More Media Gun Lies
This article about the NRA opposing the assault weapons ban contains this quote:
The NRA’s unyielding opposition to laws regulating firearms is based on the oft-heard claim that such laws violate the Second Amendment. This claim has absolutely no legal basis, however. The U.S. Supreme Court addressed the meaning of the Second Amendment 65 years ago in United States vs. Miller (1939). In that case, the court held that the “obvious purpose” of the amendment was to “assure the continuation and render possible the effectiveness of” the state militia. Since that time, nearly 200 appellate courts have considered Second Amendment challenges to gun laws. Not one of those challenges has been successful. Nonetheless, the NRA relentlessly argues that gun ownership is an individual constitutional “right.”

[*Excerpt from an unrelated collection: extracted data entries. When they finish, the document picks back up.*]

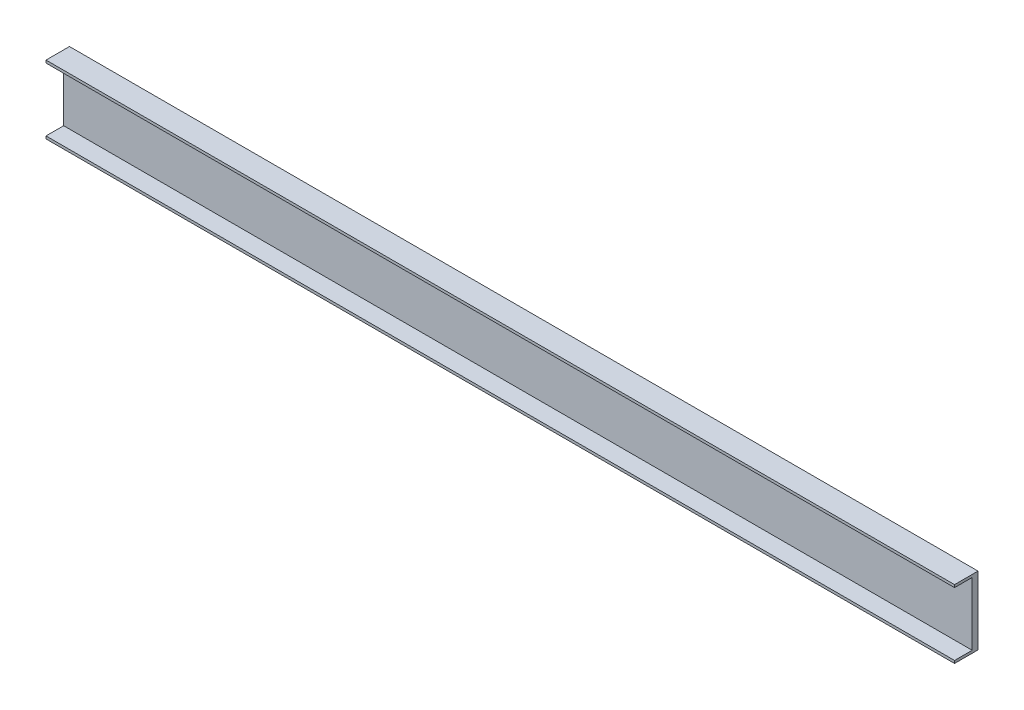
ISO-10303-21;
HEADER;
FILE_DESCRIPTION(('STEP AP214'),'2;1');
FILE_NAME('part.step','',(''),(''),'','','');
FILE_SCHEMA(('AUTOMOTIVE_DESIGN { 1 0 10303 214 1 1 1 1 }'));
ENDSEC;
DATA;
#1=APPLICATION_CONTEXT('core data for automotive mechanical design processes');
#2=APPLICATION_PROTOCOL_DEFINITION('international standard','automotive_design',2000,#1);
#3=PRODUCT_CONTEXT('',#1,'mechanical');
#4=PRODUCT('Part','Part','',(#3));
#5=PRODUCT_RELATED_PRODUCT_CATEGORY('part','',(#4));
#6=PRODUCT_DEFINITION_FORMATION('','',#4);
#7=PRODUCT_DEFINITION_CONTEXT('part definition',#1,'design');
#8=PRODUCT_DEFINITION('design','',#6,#7);
#9=PRODUCT_DEFINITION_SHAPE('','',#8);
#10=(LENGTH_UNIT() NAMED_UNIT(*) SI_UNIT(.MILLI.,.METRE.));
#11=(NAMED_UNIT(*) PLANE_ANGLE_UNIT() SI_UNIT($,.RADIAN.));
#12=(NAMED_UNIT(*) SI_UNIT($,.STERADIAN.) SOLID_ANGLE_UNIT());
#13=UNCERTAINTY_MEASURE_WITH_UNIT(LENGTH_MEASURE(1.E-05),#10,'distance_accuracy_value','');
#14=(GEOMETRIC_REPRESENTATION_CONTEXT(3) GLOBAL_UNCERTAINTY_ASSIGNED_CONTEXT((#13)) GLOBAL_UNIT_ASSIGNED_CONTEXT((#10,
#11,#12)) REPRESENTATION_CONTEXT('',''));
#15=CARTESIAN_POINT('',(0.,0.,0.));
#16=DIRECTION('',(0.,0.,1.));
#17=DIRECTION('',(1.,0.,0.));
#18=AXIS2_PLACEMENT_3D('',#15,#16,#17);
#19=CARTESIAN_POINT('',(-1995.,-150.,0.));
#20=DIRECTION('',(0.,0.,1.));
#21=DIRECTION('',(1.,0.,0.));
#22=AXIS2_PLACEMENT_3D('',#19,#20,#21);
#23=PLANE('',#22);
#24=DIRECTION('',(0.,1.,0.));
#25=VECTOR('',#24,1.);
#26=CARTESIAN_POINT('',(865.,115.,0.));
#27=LINE('',#26,#25);
#28=CARTESIAN_POINT('',(865.,-115.,0.));
#29=VERTEX_POINT('',#28);
#30=CARTESIAN_POINT('',(865.,115.,0.));
#31=VERTEX_POINT('',#30);
#32=EDGE_CURVE('E265',#29,#31,#27,.T.);
#33=ORIENTED_EDGE('',*,*,#32,.F.);
#34=DIRECTION('',(-1.,0.,0.));
#35=VECTOR('',#34,1.);
#36=CARTESIAN_POINT('',(865.,-115.,0.));
#37=LINE('',#36,#35);
#38=CARTESIAN_POINT('',(935.,-115.,0.));
#39=VERTEX_POINT('',#38);
#40=EDGE_CURVE('E278',#39,#29,#37,.T.);
#41=ORIENTED_EDGE('',*,*,#40,.F.);
#42=DIRECTION('',(0.,-1.,0.));
#43=VECTOR('',#42,1.);
#44=CARTESIAN_POINT('',(935.,115.,0.));
#45=LINE('',#44,#43);
#46=CARTESIAN_POINT('',(935.,115.,0.));
#47=VERTEX_POINT('',#46);
#48=EDGE_CURVE('E287',#47,#39,#45,.T.);
#49=ORIENTED_EDGE('',*,*,#48,.F.);
#50=DIRECTION('',(1.,0.,0.));
#51=VECTOR('',#50,1.);
#52=CARTESIAN_POINT('',(865.,115.,0.));
#53=LINE('',#52,#51);
#54=EDGE_CURVE('E268',#31,#47,#53,.T.);
#55=ORIENTED_EDGE('',*,*,#54,.F.);
#56=EDGE_LOOP('',(#33,#41,#49,#55));
#57=FACE_BOUND('',#56,.T.);
#58=DIRECTION('',(0.,1.,0.));
#59=VECTOR('',#58,1.);
#60=CARTESIAN_POINT('',(-535.,-115.,0.));
#61=LINE('',#60,#59);
#62=CARTESIAN_POINT('',(-535.,-115.,0.));
#63=VERTEX_POINT('',#62);
#64=CARTESIAN_POINT('',(-535.,115.,0.));
#65=VERTEX_POINT('',#64);
#66=EDGE_CURVE('E336',#63,#65,#61,.T.);
#67=ORIENTED_EDGE('',*,*,#66,.F.);
#68=DIRECTION('',(-1.,0.,0.));
#69=VECTOR('',#68,1.);
#70=CARTESIAN_POINT('',(-535.,-115.,0.));
#71=LINE('',#70,#69);
#72=CARTESIAN_POINT('',(-465.,-115.,0.));
#73=VERTEX_POINT('',#72);
#74=EDGE_CURVE('E341',#73,#63,#71,.T.);
#75=ORIENTED_EDGE('',*,*,#74,.F.);
#76=DIRECTION('',(0.,-1.,0.));
#77=VECTOR('',#76,1.);
#78=CARTESIAN_POINT('',(-465.,-115.,0.));
#79=LINE('',#78,#77);
#80=CARTESIAN_POINT('',(-465.,115.,0.));
#81=VERTEX_POINT('',#80);
#82=EDGE_CURVE('E353',#81,#73,#79,.T.);
#83=ORIENTED_EDGE('',*,*,#82,.F.);
#84=DIRECTION('',(1.,0.,0.));
#85=VECTOR('',#84,1.);
#86=CARTESIAN_POINT('',(-535.,115.,0.));
#87=LINE('',#86,#85);
#88=EDGE_CURVE('E350',#65,#81,#87,.T.);
#89=ORIENTED_EDGE('',*,*,#88,.F.);
#90=EDGE_LOOP('',(#67,#75,#83,#89));
#91=FACE_BOUND('',#90,.T.);
#92=DIRECTION('',(0.,-1.,0.));
#93=VECTOR('',#92,1.);
#94=CARTESIAN_POINT('',(-1265.,115.,0.));
#95=LINE('',#94,#93);
#96=CARTESIAN_POINT('',(-1265.,115.,0.));
#97=VERTEX_POINT('',#96);
#98=CARTESIAN_POINT('',(-1265.,-115.,0.));
#99=VERTEX_POINT('',#98);
#100=EDGE_CURVE('E402',#97,#99,#95,.T.);
#101=ORIENTED_EDGE('',*,*,#100,.F.);
#102=DIRECTION('',(1.,0.,0.));
#103=VECTOR('',#102,1.);
#104=CARTESIAN_POINT('',(-1265.,115.,0.));
#105=LINE('',#104,#103);
#106=CARTESIAN_POINT('',(-1335.,115.,0.));
#107=VERTEX_POINT('',#106);
#108=EDGE_CURVE('E407',#107,#97,#105,.T.);
#109=ORIENTED_EDGE('',*,*,#108,.F.);
#110=DIRECTION('',(0.,1.,0.));
#111=VECTOR('',#110,1.);
#112=CARTESIAN_POINT('',(-1335.,115.,0.));
#113=LINE('',#112,#111);
#114=CARTESIAN_POINT('',(-1335.,-115.,0.));
#115=VERTEX_POINT('',#114);
#116=EDGE_CURVE('E419',#115,#107,#113,.T.);
#117=ORIENTED_EDGE('',*,*,#116,.F.);
#118=DIRECTION('',(-1.,0.,0.));
#119=VECTOR('',#118,1.);
#120=CARTESIAN_POINT('',(-1265.,-115.,0.));
#121=LINE('',#120,#119);
#122=EDGE_CURVE('E416',#99,#115,#121,.T.);
#123=ORIENTED_EDGE('',*,*,#122,.F.);
#124=EDGE_LOOP('',(#101,#109,#117,#123));
#125=FACE_BOUND('',#124,.T.);
#126=DIRECTION('',(0.,-1.,0.));
#127=VECTOR('',#126,1.);
#128=CARTESIAN_POINT('',(-1995.,150.,0.));
#129=LINE('',#128,#127);
#130=CARTESIAN_POINT('',(-1995.,150.,0.));
#131=VERTEX_POINT('',#130);
#132=CARTESIAN_POINT('',(-1995.,-150.,0.));
#133=VERTEX_POINT('',#132);
#134=EDGE_CURVE('E481',#131,#133,#129,.T.);
#135=ORIENTED_EDGE('',*,*,#134,.F.);
#136=DIRECTION('',(-1.,0.,0.));
#137=VECTOR('',#136,1.);
#138=CARTESIAN_POINT('',(-1995.,150.,0.));
#139=LINE('',#138,#137);
#140=CARTESIAN_POINT('',(1995.,150.,0.));
#141=VERTEX_POINT('',#140);
#142=EDGE_CURVE('E496',#141,#131,#139,.T.);
#143=ORIENTED_EDGE('',*,*,#142,.F.);
#144=DIRECTION('',(0.,1.,0.));
#145=VECTOR('',#144,1.);
#146=CARTESIAN_POINT('',(1995.,150.,0.));
#147=LINE('',#146,#145);
#148=CARTESIAN_POINT('',(1995.,-150.,0.));
#149=VERTEX_POINT('',#148);
#150=EDGE_CURVE('E491',#149,#141,#147,.T.);
#151=ORIENTED_EDGE('',*,*,#150,.F.);
#152=DIRECTION('',(1.,0.,0.));
#153=VECTOR('',#152,1.);
#154=CARTESIAN_POINT('',(-1995.,-150.,0.));
#155=LINE('',#154,#153);
#156=EDGE_CURVE('E486',#133,#149,#155,.T.);
#157=ORIENTED_EDGE('',*,*,#156,.F.);
#158=EDGE_LOOP('',(#135,#143,#151,#157));
#159=FACE_BOUND('',#158,.T.);
#160=DIRECTION('',(0.,-1.,0.));
#161=VECTOR('',#160,1.);
#162=CARTESIAN_POINT('',(-865.,115.,0.));
#163=LINE('',#162,#161);
#164=CARTESIAN_POINT('',(-865.,115.,0.));
#165=VERTEX_POINT('',#164);
#166=CARTESIAN_POINT('',(-865.,-115.,0.));
#167=VERTEX_POINT('',#166);
#168=EDGE_CURVE('E369',#165,#167,#163,.T.);
#169=ORIENTED_EDGE('',*,*,#168,.F.);
#170=DIRECTION('',(1.,0.,0.));
#171=VECTOR('',#170,1.);
#172=CARTESIAN_POINT('',(-865.,115.,0.));
#173=LINE('',#172,#171);
#174=CARTESIAN_POINT('',(-935.,115.,0.));
#175=VERTEX_POINT('',#174);
#176=EDGE_CURVE('E374',#175,#165,#173,.T.);
#177=ORIENTED_EDGE('',*,*,#176,.F.);
#178=DIRECTION('',(0.,1.,0.));
#179=VECTOR('',#178,1.);
#180=CARTESIAN_POINT('',(-935.,115.,0.));
#181=LINE('',#180,#179);
#182=CARTESIAN_POINT('',(-935.,-115.,0.));
#183=VERTEX_POINT('',#182);
#184=EDGE_CURVE('E386',#183,#175,#181,.T.);
#185=ORIENTED_EDGE('',*,*,#184,.F.);
#186=DIRECTION('',(-1.,0.,0.));
#187=VECTOR('',#186,1.);
#188=CARTESIAN_POINT('',(-865.,-115.,0.));
#189=LINE('',#188,#187);
#190=EDGE_CURVE('E383',#167,#183,#189,.T.);
#191=ORIENTED_EDGE('',*,*,#190,.F.);
#192=EDGE_LOOP('',(#169,#177,#185,#191));
#193=FACE_BOUND('',#192,.T.);
#194=DIRECTION('',(0.,1.,0.));
#195=VECTOR('',#194,1.);
#196=CARTESIAN_POINT('',(1265.,115.,0.));
#197=LINE('',#196,#195);
#198=CARTESIAN_POINT('',(1265.,-115.,0.));
#199=VERTEX_POINT('',#198);
#200=CARTESIAN_POINT('',(1265.,115.,0.));
#201=VERTEX_POINT('',#200);
#202=EDGE_CURVE('E303',#199,#201,#197,.T.);
#203=ORIENTED_EDGE('',*,*,#202,.F.);
#204=DIRECTION('',(-1.,0.,0.));
#205=VECTOR('',#204,1.);
#206=CARTESIAN_POINT('',(1265.,-115.,0.));
#207=LINE('',#206,#205);
#208=CARTESIAN_POINT('',(1335.,-115.,0.));
#209=VERTEX_POINT('',#208);
#210=EDGE_CURVE('E308',#209,#199,#207,.T.);
#211=ORIENTED_EDGE('',*,*,#210,.F.);
#212=DIRECTION('',(0.,-1.,0.));
#213=VECTOR('',#212,1.);
#214=CARTESIAN_POINT('',(1335.,115.,0.));
#215=LINE('',#214,#213);
#216=CARTESIAN_POINT('',(1335.,115.,0.));
#217=VERTEX_POINT('',#216);
#218=EDGE_CURVE('E320',#217,#209,#215,.T.);
#219=ORIENTED_EDGE('',*,*,#218,.F.);
#220=DIRECTION('',(1.,0.,0.));
#221=VECTOR('',#220,1.);
#222=CARTESIAN_POINT('',(1265.,115.,0.));
#223=LINE('',#222,#221);
#224=EDGE_CURVE('E317',#201,#217,#223,.T.);
#225=ORIENTED_EDGE('',*,*,#224,.F.);
#226=EDGE_LOOP('',(#203,#211,#219,#225));
#227=FACE_BOUND('',#226,.T.);
#228=DIRECTION('',(-1.,0.,0.));
#229=VECTOR('',#228,1.);
#230=CARTESIAN_POINT('',(535.,-115.,0.));
#231=LINE('',#230,#229);
#232=CARTESIAN_POINT('',(535.,-115.,0.));
#233=VERTEX_POINT('',#232);
#234=CARTESIAN_POINT('',(465.,-115.,0.));
#235=VERTEX_POINT('',#234);
#236=EDGE_CURVE('E264',#233,#235,#231,.T.);
#237=ORIENTED_EDGE('',*,*,#236,.F.);
#238=DIRECTION('',(0.,-1.,0.));
#239=VECTOR('',#238,1.);
#240=CARTESIAN_POINT('',(535.,-115.,0.));
#241=LINE('',#240,#239);
#242=CARTESIAN_POINT('',(535.,115.,0.));
#243=VERTEX_POINT('',#242);
#244=EDGE_CURVE('E261',#243,#233,#241,.T.);
#245=ORIENTED_EDGE('',*,*,#244,.F.);
#246=DIRECTION('',(1.,0.,0.));
#247=VECTOR('',#246,1.);
#248=CARTESIAN_POINT('',(535.,115.,0.));
#249=LINE('',#248,#247);
#250=CARTESIAN_POINT('',(465.,115.,0.));
#251=VERTEX_POINT('',#250);
#252=EDGE_CURVE('E55',#251,#243,#249,.T.);
#253=ORIENTED_EDGE('',*,*,#252,.F.);
#254=DIRECTION('',(0.,1.,0.));
#255=VECTOR('',#254,1.);
#256=CARTESIAN_POINT('',(465.,-115.,0.));
#257=LINE('',#256,#255);
#258=EDGE_CURVE('E50',#235,#251,#257,.T.);
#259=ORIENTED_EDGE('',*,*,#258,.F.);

Obvious purpose? Go to the text of US v. Miller and you get:
With obvious purpose to assure the continuation and render possible the effectiveness of such forces the declaration and guarantee of the Second Amendment were made.
Miller also states:
In the absence of any evidence tending to show that possession or use of a “shotgun having a barrel of less than eighteen inches in length” at this time has some reasonable relationship to the preservation or efficiency of a well regulated militia, we cannot say that the Second Amendment guarantees the right to keep and bear such an instrument.
And the United States Code tells us that:
(a) The militia of the United States consists of all able-bodied males at least 17 years of age and, except as provided in section 313 of title 32, under 45 years of age who are, or who have made a declaration of intention to become, citizens of the United States and of female citizens of the United States who are members of the National Guard.
(b) The classes of the militia are –
(1) the organized militia, which consists of the National Guard and the Naval Militia; and
(2) the unorganized militia, which consists of the members of the militia who are not members of the National Guard or the Naval Militia
And the misleading assertion that 200 cases have challenged gun laws have not been successful may be on the surface true. But many of those cases have stated that there is an individual right to arms. Such as, US v. Emerson. Even the Emerson case concludes that Miller is unclear.
Despite what Juliet Leftwich thinks, we the people are the militia and we can own military weapons.
March 8th, 2004 at 3:30 pm
Not to argue with your broader point, but your citation to 10 USC 311 doesn’t really add anything to your claims about the meaning of the 2nd Amendment. How can a statutory definition of “militia” bear on its use in the Constitution? If you think it has some weight, did we change the meaning of the 2nd Amendment (i.e. amend the Constiutution) by amending 10 USC 311 in the 1950’s and in 1993?
March 8th, 2004 at 3:35 pm
The point is:
assuming there are two schools of thought on the second: individual vs. collective rights (for a long review, go here http://www.guncite.com/journals/reycrit.html)
Even if you buy the collective rights argument (which requires creation science, i.e., developing your conclusion and working back to get the results you want) that the right applies to the militia, then it is important to know who the militia is.
March 8th, 2004 at 4:29 pm
Agreed that it is important to define “militia” to understand the 2nd Amendment. There is a decent amount of historical scholarship that supports the view offered in 10 USC 311. The statute itself, though, doesn’t add anything to attempts to define “militia” as used in the Constitution.
March 9th, 2004 at 3:33 pm
It is also important to note that Miller’s lawyer never got to argue his case before the SCOTUS, and that the US military has in fact used short barrelled shotguns in specialized applications.
SCOTUS ruled twice during the 1990’s, in 4th Amendment cases, that “the right of the people” applies consistantly to individuals across the Bill of Rights.